雨のなか、ギターを背負い、バイクにまたがって走る一人の男。まだ震災の記憶が新しい今年5月、シンガー・ソングライターの前野健太はドキュメンタリー映画「トーキョードリフター」の撮影で、東京を一晩中バイクで漂流しながら暗い街角で歌った。そして、この映画をきっかけに生まれたのが、同タイトルのミニ・アルバム『トーキョードリフター』だ。と言っても、ただのサントラとは違って、ここには前野のミュージシャンとしての強い主張が込められている。

「〈暗い東京の夜で遊びませんか?〉って松江(哲明)監督に誘われたんですよ。僕が歌って映画になるんだなっていうのはわかったんですけど、映画は監督のものなんで、どうしても向こうの磁場に引っ張り込まれてしまう。でも僕は〈ただのドキュメンタリーの素材じゃないぞ〉っていう思いがあるので、音楽という場で自由に遊んでやろうと思ったんです」。

ソロや前野健太とDAVID BOWIEたちといったバンドでの活動、その他さまざまなアーティストとの共演で注目を集めてきた前野だが、松江監督の作品に出演するのは「ライヴテープ」に続いて2度目。今回はその主題歌“トーキョードリフター”の歌詞を松江監督に依頼して、初めて他人の言葉で歌った。

「監督のドキュメンタリーは主語で語っていく作り方をしているから、監督もまた〈歌い手〉なんですよね。だからここでも松江さんの声も聴きたかったんです。でも自分の言葉じゃないから、歌を入れる時に気持ちが入って行かなくて悩んでしまって。これは松江さんの歌を愛さなきゃいけないと思って、その歌に思い切り踏み込むことでやっと歌えることができたんです。それは新しい経験でしたね」。

今回、この主題歌は前野が一人多重録音した映画ヴァージョンに加えて、アナログフィッシュと共演したバンド・サウンドの新ヴァージョンも収録。映画のイメージを覆す煌びやかなロックンロールに仕上がっている。また映画で歌われる“ファックミー”のセルフ・カヴァーでは石橋英子とデュエットするなど、これまでにないアプローチの曲が並んでいるのも印象的だ。

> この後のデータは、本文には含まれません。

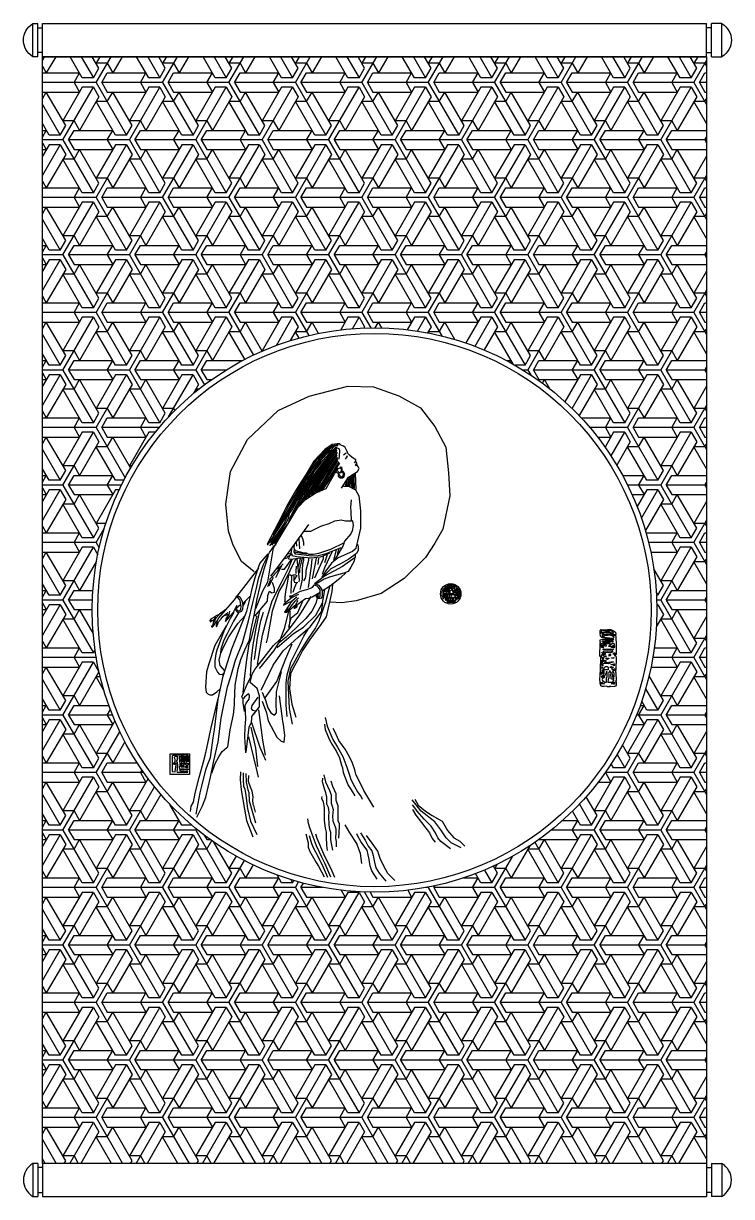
# Model space of a CAD drawing. Header units: millimetres. Extents: x 619 to 1259, y 281 to 1341.
import ezdxf

# ---------------------------------------------------------------- set-up
doc = ezdxf.new("R2010")
doc.units = ezdxf.units.MM
for name, color, linetype in [('3', 3, 'Continuous'), ('4', 4, 'Continuous'), ('7', 7, 'Continuous'), ('BH', 3, 'Continuous')]:
    doc.layers.add(name, color=color, linetype=linetype)

# ---------------------------------------------------------------- blocks, each defined once
blk = doc.blocks.new('1')
at = {"layer": '7'}
for p, q in [((-930, 16.2), (-930, 5)), ((-900, 16.2), (-930, 16.2)), ((-900, 5), (-900, 16.2)), ((-900, 5), (-930, 5)), ((-930, -700), (-930, 0)), ((-926.2, 5), (-926.2, 0)), ((-903.8, 0), (-903.8, 5)), ((-900, 0), (-900, -700)), ((-900, 0), (-930, 0)), ((-900, -700), (-930, -700)), ((-900, -705), (-930, -705)), ((-930, -710), (-930, -705)), ((-900, -710), (-930, -710)), ((-926.2, -705), (-926.2, -700)), ((-903.8, -700), (-903.8, -705)), ((-900, -705), (-900, -710))]:
    blk.add_line(p, q, dxfattribs=at)
at = {"layer": '7', "extrusion": (0, 0, -1)}
for centre, start_param, end_param in [((-915, 1.2), 5.35589, 7.210481), ((-915, -695), 2.214297, 4.068888)]:
    blk.add_ellipse(centre, major_axis=(0, 25), ratio=0.75, start_param=start_param, end_param=end_param, dxfattribs=at)
blk = doc.blocks.new('H0')
at = {"layer": '3'}
for points in [[(422.5, 217.7), (443.1, 217.7), (443.1, 195.9), (422.5, 195.9)], [(434.2, 204.2), (437.5, 204.2), (437.5, 203.6), (434.2, 203.6)], [(434.3, 202), (437.5, 202), (437.5, 201), (434.3, 201)], [(438.8, 204.3), (441.4, 204.3), (441.4, 203.3), (438.8, 203.3)], [(439, 202), (441.6, 202), (441.6, 200.9), (439, 200.9)]]:
    blk.add_lwpolyline(points, close=True, dxfattribs=at)
for points in [[(441.1, 215.1), (441.2, 212.3), (441.1, 209.6), (441.6, 209.4), (442.1, 209.7), (442.1, 215.3), (440.9, 216.2), (437.6, 216.2), (430.1, 215.9), (425.5, 215.9), (424.7, 215.4), (424.8, 199), (428, 198.8), (428.2, 201.8), (428.7, 203.5), (429, 206.1), (429, 207.7), (428.2, 208), (427.7, 207.9), (427.3, 207.3), (427.3, 206.6), (426.5, 206.6), (426.2, 207.4), (426.5, 208.4), (428, 209.6), (428, 211.9), (427.5, 212.6), (427.3, 214.3), (427.8, 215.1), (428.5, 215.3), (430, 215.3), (430, 211.3), (429.3, 210.3), (429, 209.8), (429.7, 209.4), (430.1, 209.1), (430.1, 207.4), (430.4, 206.6), (430.2, 204.7), (429.9, 204.1), (429.8, 200.5), (429.5, 199.4), (430.1, 198.5), (441.4, 198.5), (441.2, 199.2), (433.8, 199.3), (433.1, 199.9), (432.9, 202.7), (432.6, 202.7), (432.5, 204.6), (433, 204.7), (432.9, 206.1), (433.4, 206.4), (433.3, 207.4), (433, 207.6), (432.9, 209.8), (432.7, 209.9), (432.6, 213.9), (432.3, 214.2), (432.4, 215.2), (433.6, 215), (433.5, 214.4), (433.8, 214.2), (433.8, 210.3), (434.1, 209.8), (434.1, 209.3), (434.1, 209.1), (434.1, 208.8), (434.9, 208.9), (434.8, 211.2), (434.8, 215.6), (435.7, 215.6), (435.9, 209), (436.3, 208.8), (436.5, 209), (436.5, 215), (437.4, 215.2), (437.8, 207.7), (436.7, 207.3), (433.6, 207.2), (433.4, 207.2), (433.9, 206.7), (434.1, 206.4), (434, 205.7), (437.3, 205.7), (437.5, 206.8), (438.8, 207), (439.2, 205.6), (441.5, 205.9), (441.8, 207), (443, 206.6)], [(442.8, 208), (441.8, 207.1), (440.6, 207.1), (439.4, 207.3), (438.6, 207.6), (438.6, 209.6), (438.3, 215.1), (439.1, 215.1), (439.7, 208.6), (440.2, 208.8), (440.2, 215.3), (440.8, 215.6), (441.1, 215.3)]]:
    blk.add_lwpolyline(points, dxfattribs=at)
blk = doc.blocks.new('H1')
at = {"layer": '3'}
for points in [[(492.9, 370.8), (491.5, 370.1), (491.5, 372.2), (492.4, 373.7), (495.4, 373.3), (498.9, 373.7), (502.1, 373.7), (504.8, 372.3), (507, 370.8), (507.3, 368.8), (507.3, 368), (507, 368), (502.8, 369.1), (499.8, 370.3), (496.1, 370.1), (493.5, 369.3), (493.5, 367.1), (494.7, 366.1), (497.9, 365.4), (504.5, 364.9), (505.5, 365.9), (504.5, 366.6), (503.1, 367.1), (500.8, 367.8), (498.8, 367.6), (496.6, 367.5), (495.6, 366.9), (494.4, 367.1), (494.2, 368.5), (497.1, 369), (500.3, 369), (502.8, 368.6), (507.2, 367.3), (507.2, 365.3), (507.5, 358.4), (507.5, 348.3), (505.5, 347.1), (507.3, 346.8), (507.7, 344.4), (507.3, 333.2), (506.8, 330.5), (507.3, 329.8), (507.5, 321.9), (507, 321.1), (507.5, 320.2), (507.5, 317.2), (507, 316.2), (505.8, 315.9), (501.6, 315.4), (501.5, 316.4), (501.3, 315.4), (498.8, 315.4), (498.1, 316), (495.6, 315.7), (493.4, 315.7), (491.9, 316.6), (491.4, 319.4), (491.2, 323.8), (491.4, 325.8), (491.9, 343.1), (492, 344.9), (495.7, 345.8), (497.8, 346.3), (497.3, 346.6), (495.9, 346.6), (494.9, 346.8), (493.9, 347.6), (493, 347.6), (492.5, 347.5), (492.5, 345.9), (491.9, 345.6), (491.2, 346.5), (491.5, 359.7), (492.2, 360.1), (491.4, 360.9), (491.4, 363.1), (494.1, 363.9), (496.4, 363.3), (499.1, 363.3), (505.2, 363.3), (505, 363.8), (497.3, 364.1), (493.2, 365.3), (491.7, 366.9), (491.4, 369.5), (493.4, 370.5), (496.9, 371.1), (499.9, 371.5), (502.8, 370.3), (504.8, 370.1), (504.5, 371.1), (502.1, 372.2), (498.3, 372.3), (493.9, 372.3), (492.5, 371.8), (492.7, 370.6)], [(497.8, 357.2), (497.3, 357.9), (495.4, 357.7), (494.6, 358.7), (493.4, 359.1), (492.2, 359.1), (492.2, 357.9), (492.2, 356.5), (492.7, 355.7), (493.9, 355.4), (495.2, 355.4), (494.7, 355.7), (493.7, 356.2), (492.7, 356.5), (492.7, 358), (494.1, 357.7), (496.1, 356.9), (497.4, 356.7), (497.6, 357), (497.8, 357.2)], [(493.5, 362.1), (504.3, 362.1), (504.3, 361.2), (493.7, 361.1), (493.4, 361.9)], [(494.2, 360.2), (498.4, 360.4), (501.1, 359.9), (501.1, 359.1), (495.9, 358.9), (494.1, 359.7), (494.2, 360.2)], [(500.4, 357.2), (504, 359.7), (505.3, 359.6), (505.7, 359.2), (505.5, 357.7), (504.5, 357), (502.3, 356.5), (501.6, 356.2), (500.1, 356.5), (500.1, 356.9)], [(502.1, 355.4), (506.2, 355.5), (506.2, 356.9), (505.2, 356), (503.8, 355.9), (502.3, 355.4)], [(493.4, 350.3), (496.4, 349.1), (496.9, 348.5), (496.2, 348.3), (494.4, 348.3), (493, 350.7)], [(494.4, 353.8), (504.8, 354), (504.7, 353), (494.4, 353), (494.4, 353.7)], [(494.7, 351.7), (504.1, 351.8), (503.3, 350.7), (502.3, 349.8), (499.1, 350.1), (496.9, 350), (495.1, 350.3), (494.7, 351), (494.7, 351.5)], [(502.3, 348.3), (500.1, 348.1), (500.1, 347), (501.8, 347.1), (502.6, 348.3)], [(503, 344.9), (505.2, 345.1), (505.2, 344.4), (502.8, 344.4), (502.8, 344.8)], [(505.7, 350), (506.2, 349.8), (506.2, 349), (505, 348.1), (504.8, 349.6), (505.3, 350.3)], [(492.7, 338.6), (494.1, 337.7), (494.1, 336.7), (492.7, 336.2), (492.4, 337), (492, 337.9), (492.5, 338.6)], [(492.5, 341.6), (492.5, 339.1), (493.7, 339.4), (493.9, 341.4), (497.6, 340.9), (497.6, 341.9), (492.5, 342.1), (492.5, 341.4)], [(492.9, 335.2), (494.1, 335), (494.1, 334.4), (493.4, 334), (492.5, 334.7), (492.5, 335.2)], [(495.4, 343.8), (494.6, 344.1), (493.7, 344.1), (493.9, 343.6), (494.6, 342.9), (495.1, 343.6)], [(495.2, 339.7), (502.3, 340.9), (505, 340.9), (505, 340.4), (502.1, 339.7), (499.9, 338.9), (497.6, 339.1), (494.9, 338.7), (495.1, 339.4)], [(495.9, 334.7), (496.4, 336), (498.6, 335.9), (499.4, 335.4), (499.4, 334.4), (499.4, 332.8), (495.2, 332.8), (495.4, 334.7), (495.7, 334.7)], [(497.6, 344.6), (500.1, 344.6), (500.1, 343.9), (499.8, 343.8), (498.9, 343.1), (498.1, 343.4), (497.4, 343.6), (497.6, 344.4)], [(502.3, 336.2), (504.5, 335.5), (504.8, 334.9), (503.8, 334.9), (503.1, 334.2), (502.5, 334.7), (501.6, 335.2), (502.3, 336)], [(502.3, 338.2), (505.3, 338.9), (505.8, 338.9), (505.7, 337.9), (505.7, 336.9), (504.7, 337.9), (503.5, 337.7), (503, 337.4), (502.5, 338.1)], [(503.8, 333), (505.2, 333.2), (505.5, 333.9), (506.2, 333.7), (506.2, 332), (505, 331.8), (504.7, 332.5), (503.6, 332.7), (503.6, 333)], [(493.2, 330.3), (492.5, 329.8), (492.5, 328.1), (493.4, 329.2), (493.4, 330.3)], [(492.9, 331.8), (493.9, 330.8), (494.4, 329.8), (494.4, 328.5), (495.4, 328.6), (495.4, 331.3), (493.9, 332.5), (493, 332.5), (492.7, 331.8)], [(494.2, 327.6), (493.5, 326.3), (492.7, 326.1), (492.7, 325.3), (494.1, 325.3), (495.1, 327.6), (494.4, 328)], [(497.6, 330.7), (497.3, 329.5), (495.6, 325.5), (495.4, 324.6), (494.2, 324.6), (493.4, 322.9), (493.7, 321.8), (496.2, 320.1), (497.8, 320.1), (497.9, 324.6), (498.6, 325.6), (498.4, 330.3), (498.4, 330.7), (497.6, 330.7)], [(500.6, 330.8), (499.9, 328.8), (500.1, 328.3), (500.3, 324.6), (499.4, 322.9), (499.3, 320.1), (503.8, 320.1), (505.3, 321.8), (505, 323.4), (504.3, 322.9), (502.6, 323.4), (502.6, 326), (502.3, 326.8), (502.3, 327.8), (502.5, 328.6), (501.6, 331.3), (500.6, 331.2)], [(503.8, 331), (503.1, 329.8), (503.8, 326.8), (504.1, 323.6), (505.2, 323.6), (505.5, 327), (505.7, 328.6), (505.2, 330.3), (504.1, 331.2)], [(493, 320.1), (494.9, 318.9), (496.1, 318.6), (492.5, 318.2), (492.7, 320.1)], [(503, 318.4), (505.2, 320.1), (506, 320.1), (506, 318.2), (504.8, 318.2), (502.6, 318.4)]]:
    blk.add_lwpolyline(points, dxfattribs=at)
blk = doc.blocks.new('A$C199A0A33')
at = {"layer": 'BH'}
h = blk.add_hatch(dxfattribs=at)
h.set_pattern_fill('ESCHER', color=256, scale=50, style=0)
h.set_pattern_definition([(60, (-245.52, -323.545), (-60, -1e-08), [55, -5]), (180, (-245.52, -323.545), (30, -51.9615), [55, -5]), (300, (-245.52, -323.545), (60, -1e-08), [55, -5]), (60, (-240.52, -323.545), (-60, -1e-08), [10, -50]), (300, (-240.52, -323.545), (60, -1e-08), [10, -50]), (60, (-248.02, -319.215), (-60, -1e-08), [10, -50]), (180, (-248.02, -319.215), (30, -51.9615), [10, -50]), (300, (-248.02, -327.875), (60, -1e-08), [10, -50]), (180, (-248.02, -327.875), (30, -51.9615), [10, -50]), (60, (-265.52, -323.545), (-60, -1e-08), [10, -50]), (300, (-265.52, -323.545), (60, -1e-08), [10, -50]), (60, (-235.52, -340.866), (-60, -1e-08), [10, -50]), (180, (-235.52, -340.866), (30, -51.9615), [10, -50]), (300, (-235.52, -306.225), (60, -1e-08), [10, -50]), (180, (-235.52, -306.225), (30, -51.9615), [10, -50]), (0, (-235.52, -314.885), (-30, 51.9615), [35, -25]), (0, (-235.52, -332.205), (-30, 51.9615), [35, -25]), (120, (-243.02, -310.555), (-60, 1e-08), [35, -25]), (120, (-258.02, -319.215), (-60, 1e-08), [35, -25]), (240, (-258.02, -327.875), (30, -51.9615), [35, -25]), (240, (-243.02, -336.536), (30, -51.9615), [35, -25])])
edge = h.paths.add_edge_path(flags=16)
edge.add_arc((317.1, 530), 255, 0, 360)
h.paths.add_polyline_path([(17.1, 1030), (617.1, 1030), (617.1, 30), (17.1, 30)])
at = {"layer": '3'}
for points in [[(286, 679.4), (285.9, 680.1), (283.3, 680.2), (278.8, 679.6), (272.2, 675), (262.3, 664.5), (255.3, 652.7), (250.1, 645), (245.6, 637.6), (237.7, 623.5), (229.9, 608.5), (220, 589.5)], [(220.4, 588.5), (225.3, 595.5), (233.6, 608.5), (238.4, 616.2), (243.2, 624.1), (247.7, 632.1), (254.9, 643.7), (261.7, 655), (269.3, 665.9), (275.3, 672.3), (277.4, 674.3), (281.1, 678.4), (284, 678.8)], [(284.3, 679.2), (279.9, 678.2), (277.7, 676.3), (272.9, 673), (267.4, 667.1), (260.8, 657.7), (258.1, 653.5), (253.1, 645.1), (245.7, 632.2), (237.9, 618.4), (231.1, 607.4), (225.2, 597.6)], [(225.3, 598.7), (231.8, 609.8), (239.6, 624.4), (245.9, 635.1), (251, 643.8), (257, 653.6), (260.3, 658.6), (265, 666), (273, 674.8), (276.3, 676.7), (278.8, 678.6), (283.7, 679.6)], [(299, 663.1), (300.1, 664.6), (300.2, 664.8), (300.1, 665.8), (296.8, 667.9), (294.6, 669.9), (293.1, 671.5), (292.5, 673.3), (291.2, 675.8), (290.5, 676.9), (289.2, 678), (287.7, 678.7), (286.2, 679.3), (285.5, 679.3)], [(223.3, 590.8), (229, 598.5), (235.4, 608), (238.4, 614.7), (242.8, 620.6), (247, 628.3), (253.5, 639.2), (256.1, 643.9), (262.7, 655.2), (270.7, 665.5), (276, 671.4), (282, 677.2)], [(276.6, 674.6), (271.5, 670.4), (265.7, 662.7), (261.9, 656.7), (256.7, 648.9), (255.4, 647.5), (251.6, 640.4), (249, 636.3), (244.7, 628.4), (236.7, 614.7), (229.2, 602.3)], [(282.5, 677.5), (275.1, 668.9), (269.3, 661.6), (262.6, 652.8), (257.8, 644.8), (253, 637.1), (246.2, 624.5), (241.6, 615.2), (238.7, 608)], [(240.9, 612.4), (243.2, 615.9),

「一度、自分を壊したかったんです。自分一人で宅録するのがもうイヤというか。もっと自分を壊して、遊びたかった。だからアナログフィッシュとやった時もアレンジは彼らに任せたんです。僕は歌を乗せただけ。石橋さんとはこの曲をライヴでいっしょにやったことがあったんですが、石橋さんの歌は色気があるのにサラッとしてて不思議な感じなんですよね。で、僕も(オリジナルみたいに)がなって歌うんじゃなくて低い声で歌ってみた。だからヴォーカル面でも統一感のない作品になったのがおもしろいですね」。

そして、本作のために書き下ろした新曲“FG200のブルース”は、映画に対する前野なりの感想文であり、その〈共演者〉への胸いっぱいの愛と共に捧げられている。

「〈FG200〉っていうのは僕が使っているギターです。映画を観てても自分の姿ってピンとこないんですけど、ギターとかバイクが映ると〈カッコイイなあ〉って思うんですよ。ギターってこんな小さな楽器なのにいろんな音楽が生まれてくるし、僕が作った歌を全部知っている。新曲のことを考えながら部屋でジャーンと弾いた時。〈あ、こいつのブルースだ〉と思ったんです」。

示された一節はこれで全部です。